Discussion 6 Supplementary Notebook – Data 100, Spring 2020¶

by Suraj Rampure (suraj.rampure@berkeley.edu)

This notebook was created to help illustrate some of the questions in Discussion 6 of Spring 2020. It will be posted here, along with the slides that I created for this discussion.

Raw notebook

import pandas as pd
import numpy as np
import matplotlib.pyplot as plt
%matplotlib inline
import plotly.express as px

Regression Notions¶

Question 9¶

df = pd.DataFrame({
    'x': [2, 1, 9, 7, 8, 2, 3, 3, 5, 3],
    'y': [17, 18, 14, 4, 1, 15, 17, 3, 10, 6],
    'z': [38, 38, 46, 22, 18, 34, 40, 12, 30, 18]
})
df

plt.scatter(df['x'], df['z'])

<matplotlib.collections.PathCollection at 0x7f56fc3de160>

As we can see, the correlation between $x$ and $z$ is weak.

np.corrcoef(df['x'], df['z'])[1][0]

-0.0655225542370978

fig = px.scatter_3d(df, x = 'x', y = 'y', z = 'z')
fig.show()

Here, we see that as $x$ and $y$ increase, $z$ increases. You can think of our points as lying on the plane $z = 2x + 2y$.

plt.scatter(2*df['x'] + 2*df['y'], df['z'], color = 'red')
plt.plot([10, 50], [10, 50]); # plotting y = x

When we scatter $z$ vs $2x + 2y$, we see that our points lie directly on the line $y = x$.

Question 10¶

Note: The code used to generate the plots for this problem is random, and so you'll get different results each time you run it.

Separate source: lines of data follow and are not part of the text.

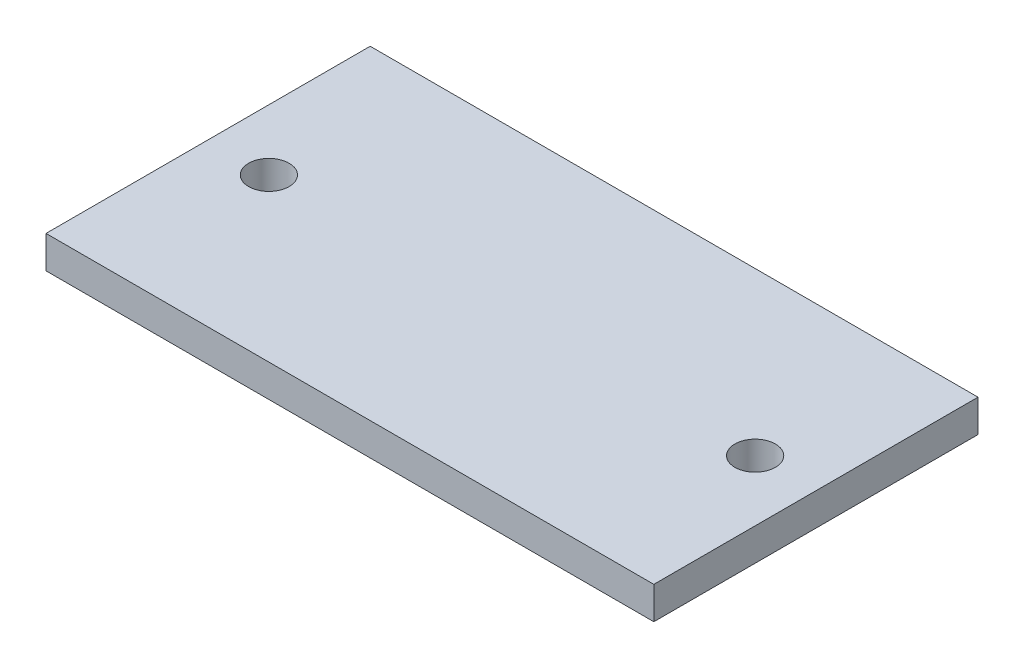
ISO-10303-21;
HEADER;
FILE_DESCRIPTION(('STEP AP214'),'2;1');
FILE_NAME('part.step','',(''),(''),'','','');
FILE_SCHEMA(('AUTOMOTIVE_DESIGN { 1 0 10303 214 1 1 1 1 }'));
ENDSEC;
DATA;
#1=APPLICATION_CONTEXT('core data for automotive mechanical design processes');
#2=APPLICATION_PROTOCOL_DEFINITION('international standard','automotive_design',2000,#1);
#3=PRODUCT_CONTEXT('',#1,'mechanical');
#4=PRODUCT('Part','Part','',(#3));
#5=PRODUCT_RELATED_PRODUCT_CATEGORY('part','',(#4));
#6=PRODUCT_DEFINITION_FORMATION('','',#4);
#7=PRODUCT_DEFINITION_CONTEXT('part definition',#1,'design');
#8=PRODUCT_DEFINITION('design','',#6,#7);
#9=PRODUCT_DEFINITION_SHAPE('','',#8);
#10=(LENGTH_UNIT() NAMED_UNIT(*) SI_UNIT(.MILLI.,.METRE.));
#11=(NAMED_UNIT(*) PLANE_ANGLE_UNIT() SI_UNIT($,.RADIAN.));
#12=(NAMED_UNIT(*) SI_UNIT($,.STERADIAN.) SOLID_ANGLE_UNIT());
#13=UNCERTAINTY_MEASURE_WITH_UNIT(LENGTH_MEASURE(1.E-05),#10,'distance_accuracy_value','');
#14=(GEOMETRIC_REPRESENTATION_CONTEXT(3) GLOBAL_UNCERTAINTY_ASSIGNED_CONTEXT((#13)) GLOBAL_UNIT_ASSIGNED_CONTEXT((#10,
#11,#12)) REPRESENTATION_CONTEXT('',''));
#15=CARTESIAN_POINT('',(0.,0.,0.));
#16=DIRECTION('',(0.,0.,1.));
#17=DIRECTION('',(1.,0.,0.));
#18=AXIS2_PLACEMENT_3D('',#15,#16,#17);
#19=CARTESIAN_POINT('',(0.,0.8,-8.));
#20=DIRECTION('',(-1.,0.,0.));
#21=DIRECTION('',(0.,0.,1.));
#22=AXIS2_PLACEMENT_3D('',#19,#20,#21);
#23=PLANE('',#22);
#24=DIRECTION('',(0.,0.,-1.));
#25=VECTOR('',#24,1.);
#26=CARTESIAN_POINT('',(0.,0.,-8.));
#27=LINE('',#26,#25);
#28=CARTESIAN_POINT('',(0.,0.,0.));
#29=VERTEX_POINT('',#28);
#30=CARTESIAN_POINT('',(0.,0.,-8.));
#31=VERTEX_POINT('',#30);
#32=EDGE_CURVE('E96',#29,#31,#27,.T.);
#33=ORIENTED_EDGE('',*,*,#32,.T.);
#34=DIRECTION('',(0.,-1.,0.));
#35=VECTOR('',#34,1.);
#36=CARTESIAN_POINT('',(0.,0.8,-8.));
#37=LINE('',#36,#35);
#38=CARTESIAN_POINT('',(0.,0.8,-8.));
#39=VERTEX_POINT('',#38);
#40=EDGE_CURVE('E11',#39,#31,#37,.T.);
#41=ORIENTED_EDGE('',*,*,#40,.F.);
#42=DIRECTION('',(0.,0.,-1.));
#43=VECTOR('',#42,1.);
#44=CARTESIAN_POINT('',(0.,0.8,-8.));
#45=LINE('',#44,#43);
#46=CARTESIAN_POINT('',(0.,0.8,0.));
#47=VERTEX_POINT('',#46);
#48=EDGE_CURVE('E84',#47,#39,#45,.T.);
#49=ORIENTED_EDGE('',*,*,#48,.F.);
#50=DIRECTION('',(0.,-1.,0.));
#51=VECTOR('',#50,1.);
#52=CARTESIAN_POINT('',(0.,0.8,0.));
#53=LINE('',#52,#51);
#54=EDGE_CURVE('E92',#47,#29,#53,.T.);
#55=ORIENTED_EDGE('',*,*,#54,.T.);
#56=EDGE_LOOP('',(#33,#41,#49,#55));
#57=FACE_BOUND('',#56,.T.);
#58=ADVANCED_FACE('F33',(#57),#23,.F.);
#59=CARTESIAN_POINT('',(0.,0.8,-8.));
#60=DIRECTION('',(0.,0.,1.));
#61=DIRECTION('',(1.,0.,0.));
#62=AXIS2_PLACEMENT_3D('',#59,#60,#61);
#63=PLANE('',#62);
#64=DIRECTION('',(-1.,0.,0.));
#65=VECTOR('',#64,1.);
#66=CARTESIAN_POINT('',(0.,0.,-8.));
#67=LINE('',#66,#65);
#68=CARTESIAN_POINT('',(-15.,0.,-8.));
#69=VERTEX_POINT('',#68);
#70=EDGE_CURVE('E88',#31,#69,#67,.T.);
#71=ORIENTED_EDGE('',*,*,#70,.T.);
#72=DIRECTION('',(0.,-1.,0.));
#73=VECTOR('',#72,1.);
#74=CARTESIAN_POINT('',(-15.,0.8,-8.));
#75=LINE('',#74,#73);
#76=CARTESIAN_POINT('',(-15.,0.8,-8.));
#77=VERTEX_POINT('',#76);
#78=EDGE_CURVE('E41',#77,#69,#75,.T.);
#79=ORIENTED_EDGE('',*,*,#78,.F.);
#80=DIRECTION('',(-1.,0.,0.));
#81=VECTOR('',#80,1.);
#82=CARTESIAN_POINT('',(0.,0.8,-8.));
#83=LINE('',#82,#81);
#84=EDGE_CURVE('E79',#39,#77,#83,.T.);
#85=ORIENTED_EDGE('',*,*,#84,.F.);
#86=ORIENTED_EDGE('',*,*,#40,.T.);
#87=EDGE_LOOP('',(#71,#79,#85,#86));
#88=FACE_BOUND('',#87,.T.);
#89=ADVANCED_FACE('F87',(#88),#63,.F.);
#90=CARTESIAN_POINT('',(-15.,0.8,-8.));
#91=DIRECTION('',(1.,0.,0.));
#92=DIRECTION('',(0.,0.,-1.));
#93=AXIS2_PLACEMENT_3D('',#90,#91,#92);
#94=PLANE('',#93);
#95=DIRECTION('',(0.,0.,1.));
#96=VECTOR('',#95,1.);
#97=CARTESIAN_POINT('',(-15.,0.,-8.));
#98=LINE('',#97,#96);
#99=CARTESIAN_POINT('',(-15.,0.,0.));
#100=VERTEX_POINT('',#99);
#101=EDGE_CURVE('E66',#69,#100,#98,.T.);
#102=ORIENTED_EDGE('',*,*,#101,.T.);
#103=DIRECTION('',(0.,-1.,0.));
#104=VECTOR('',#103,1.);
#105=CARTESIAN_POINT('',(-15.,0.8,0.));
#106=LINE('',#105,#104);
#107=CARTESIAN_POINT('',(-15.,0.8,0.));
#108=VERTEX_POINT('',#107);
#109=EDGE_CURVE('E89',#108,#100,#106,.T.);
#110=ORIENTED_EDGE('',*,*,#109,.F.);
#111=DIRECTION('',(0.,0.,1.));
#112=VECTOR('',#111,1.);
#113=CARTESIAN_POINT('',(-15.,0.8,-8.));
#114=LINE('',#113,#112);
#115=EDGE_CURVE('E82',#77,#108,#114,.T.);
#116=ORIENTED_EDGE('',*,*,#115,.F.);
#117=ORIENTED_EDGE('',*,*,#78,.T.);
#118=EDGE_LOOP('',(#102,#110,#116,#117));
#119=FACE_BOUND('',#118,.T.);
#120=ADVANCED_FACE('F90',(#119),#94,.F.);
#121=CARTESIAN_POINT('',(0.,0.8,0.));
#122=DIRECTION('',(0.,0.,-1.));
#123=DIRECTION('',(-1.,0.,0.));
#124=AXIS2_PLACEMENT_3D('',#121,#122,#123);
#125=PLANE('',#124);
#126=DIRECTION('',(1.,0.,0.));
#127=VECTOR('',#126,1.);
#128=CARTESIAN_POINT('',(0.,0.,0.));
#129=LINE('',#128,#127);
#130=EDGE_CURVE('E72',#100,#29,#129,.T.);
#131=ORIENTED_EDGE('',*,*,#130,.T.);
#132=ORIENTED_EDGE('',*,*,#54,.F.);
#133=DIRECTION('',(1.,0.,0.));
#134=VECTOR('',#133,1.);
#135=CARTESIAN_POINT('',(0.,0.8,0.));
#136=LINE('',#135,#134);
#137=EDGE_CURVE('E49',#108,#47,#136,.T.);
#138=ORIENTED_EDGE('',*,*,#137,.F.);
#139=ORIENTED_EDGE('',*,*,#109,.T.);
#140=EDGE_LOOP('',(#131,#132,#138,#139));
#141=FACE_BOUND('',#140,.T.);
#142=ADVANCED_FACE('F104',(#141),#125,.F.);
#143=CARTESIAN_POINT('',(0.,0.8,0.));
#144=DIRECTION('',(0.,-1.,0.));
#145=DIRECTION('',(0.,0.,-1.));
#146=AXIS2_PLACEMENT_3D('',#143,#144,#145);
#147=PLANE('',#146);
#148=CARTESIAN_POINT('',(-1.5,0.8,-4.));
#149=DIRECTION('',(0.,1.,0.));
#150=DIRECTION('',(0.,0.,1.));
#151=AXIS2_PLACEMENT_3D('',#148,#149,#150);
#152=CIRCLE('',#151,0.499999999999999);
#153=CARTESIAN_POINT('',(-1.5,0.8,-3.5));
#154=VERTEX_POINT('',#153);
#155=EDGE_CURVE('E116',#154,#154,#152,.T.);
#156=ORIENTED_EDGE('',*,*,#155,.F.);
#157=EDGE_LOOP('',(#156));
#158=FACE_BOUND('',#157,.T.);
#159=CARTESIAN_POINT('',(-13.5,0.8,-4.));
#160=DIRECTION('',(0.,1.,0.));
#161=DIRECTION('',(0.,0.,1.));
#162=AXIS2_PLACEMENT_3D('',#159,#160,#161);
#163=CIRCLE('',#162,0.499999999999999);
#164=CARTESIAN_POINT('',(-13.5,0.8,-3.5));
#165=VERTEX_POINT('',#164);
#166=EDGE_CURVE('E110',#165,#165,#163,.T.);
#167=ORIENTED_EDGE('',*,*,#166,.F.);
#168=EDGE_LOOP('',(#167));
#169=FACE_BOUND('',#168,.T.);
#170=ORIENTED_EDGE('',*,*,#48,.T.);
#171=ORIENTED_EDGE('',*,*,#84,.T.);
#172=ORIENTED_EDGE('',*,*,#115,.T.);
#173=ORIENTED_EDGE('',*,*,#137,.T.);
#174=EDGE_LOOP('',(#170,#171,#172,#173));
#175=FACE_BOUND('',#174,.T.);
#176=ADVANCED_FACE('F80',(#158,#169,#175),#147,.F.);
#177=CARTESIAN_POINT('',(0.,0.,0.));
#178=DIRECTION('',(0.,-1.,0.));
#179=DIRECTION('',(0.,0.,-1.));
#180=AXIS2_PLACEMENT_3D('',#177,#178,#179);
#181=PLANE('',#180);
#182=CARTESIAN_POINT('',(-1.5,0.,-4.));
#183=DIRECTION('',(0.,1.,0.));
#184=DIRECTION('',(0.,0.,1.));
#185=AXIS2_PLACEMENT_3D('',#182,#183,#184);
#186=CIRCLE('',#185,0.499999999999999);
#187=CARTESIAN_POINT('',(-1.5,0.,-3.5));
#188=VERTEX_POINT('',#187);
#189=EDGE_CURVE('E113',#188,#188,#186,.T.);
#190=ORIENTED_EDGE('',*,*,#189,.T.);
#191=EDGE_LOOP('',(#190));
#192=FACE_BOUND('',#191,.T.);
#193=CARTESIAN_POINT('',(-13.5,0.,-4.));
#194=DIRECTION('',(0.,1.,0.));
#195=DIRECTION('',(0.,0.,1.));
#196=AXIS2_PLACEMENT_3D('',#193,#194,#195);
#197=CIRCLE('',#196,0.499999999999999);
#198=CARTESIAN_POINT('',(-13.5,0.,-3.5));
#199=VERTEX_POINT('',#198);
#200=EDGE_CURVE('E99',#199,#199,#197,.T.);
#201=ORIENTED_EDGE('',*,*,#200,.T.);
#202=EDGE_LOOP('',(#201));
#203=FACE_BOUND('',#202,.T.);
#204=ORIENTED_EDGE('',*,*,#32,.F.);
#205=ORIENTED_EDGE('',*,*,#130,.F.);
#206=ORIENTED_EDGE('',*,*,#101,.F.);
#207=ORIENTED_EDGE('',*,*,#70,.F.);
#208=EDGE_LOOP('',(#204,#205,#206,#207));
#209=FACE_BOUND('',#208,.T.);
#210=ADVANCED_FACE('F107',(#192,#203,#209),#181,.T.);
#211=CARTESIAN_POINT('',(-13.5,0.,-4.));
#212=DIRECTION('',(0.,1.,0.));
#213=DIRECTION('',(0.,0.,1.));
#214=AXIS2_PLACEMENT_3D('',#211,#212,#213);
#215=CYLINDRICAL_SURFACE('',#214,0.499999999999999);
#216=ORIENTED_EDGE('',*,*,#200,.F.);
#217=EDGE_LOOP('',(#216));
#218=FACE_BOUND('',#217,.T.);
#219=ORIENTED_EDGE('',*,*,#166,.T.);
#220=EDGE_LOOP('',(#219));
#221=FACE_BOUND('',#220,.T.);
#222=ADVANCED_FACE('F127',(#218,#221),#215,.F.);
#223=CARTESIAN_POINT('',(-1.5,0.,-4.));
#224=DIRECTION('',(0.,1.,0.));
#225=DIRECTION('',(0.,0.,1.));
#226=AXIS2_PLACEMENT_3D('',#223,#224,#225);
#227=CYLINDRICAL_SURFACE('',#226,0.499999999999999);
#228=ORIENTED_EDGE('',*,*,#189,.F.);
#229=EDGE_LOOP('',(#228));
#230=FACE_BOUND('',#229,.T.);
#231=ORIENTED_EDGE('',*,*,#155,.T.);
#232=EDGE_LOOP('',(#231));
#233=FACE_BOUND('',#232,.T.);
#234=ADVANCED_FACE('F124',(#230,#233),#227,.F.);
#235=CLOSED_SHELL('',(#58,#89,#120,#142,#176,#210,#222,#234));
#236=MANIFOLD_SOLID_BREP('B2',#235);
#237=ADVANCED_BREP_SHAPE_REPRESENTATION('',(#18,#236),#14);
#238=SHAPE_DEFINITION_REPRESENTATION(#9,#237);
ENDSEC;
END-ISO-10303-21;

First, we re-create the leftmost plot, and experiment with what happens when we remove the dot.

x = np.random.normal(0, 1, 50)
y = x + np.random.normal(0, 0.5, 50)
outlier = (-3, 5)

plt.scatter(x, y);
plt.scatter(outlier[0], outlier[1], color = 'g');

# correlation with outlier
np.corrcoef(np.append(x, outlier[0]), np.append(y, outlier[1]))[1][0]

0.43779233069123286

# correlation without outlier
np.corrcoef(x, y)[1][0]

0.8886938363724527

# ignore this magic – creates the line of best fit
def plot_best_fit(x, y):
    plt.plot(np.unique(x), np.poly1d(np.polyfit(x, y, 1))(np.unique(x)), color = 'r')

# line of best fit, with outlier
plot_best_fit(np.append(x, outlier[0]), np.append(y, outlier[1]));
plt.scatter(x, y);
plt.scatter(outlier[0], outlier[1], color = 'g');

# line of best fit, without outlier
plot_best_fit(x, y);
plt.scatter(x, y);

As we can see, when we drop the outlier, our "line of best fit" becomes much more accurate, and the correlation between our x and y lists becomes significantly stronger.

Let's take a look at the second plot.

x = np.random.normal(0, 2, 50)
y = np.random.normal(0, 2, 50)
outlier = (8, 8)

plt.scatter(x, y);
plt.scatter(outlier[0], outlier[1], color = 'g');

# correlation with outlier
np.corrcoef(np.append(x, outlier[0]), np.append(y, outlier[1]))[1][0]

0.2372070839437497

# correlation without outlier
np.corrcoef(x, y)[1][0]

0.011036820542233863

# line of best fit, with outlier
plot_best_fit(np.append(x, outlier[0]), np.append(y, outlier[1]));
plt.scatter(x, y);
plt.scatter(outlier[0], outlier[1], color = 'g');

# line of best fit, without outlier
plot_best_fit(x, y);
plt.scatter(x, y);

In this case, the strength of our correlation drops when removing the outlier. The outlier tries to strengthen the "up and to the right" trend, which doesn't really exist without it. (Depending on when you run this, you may actually see a negative correlation in either case.)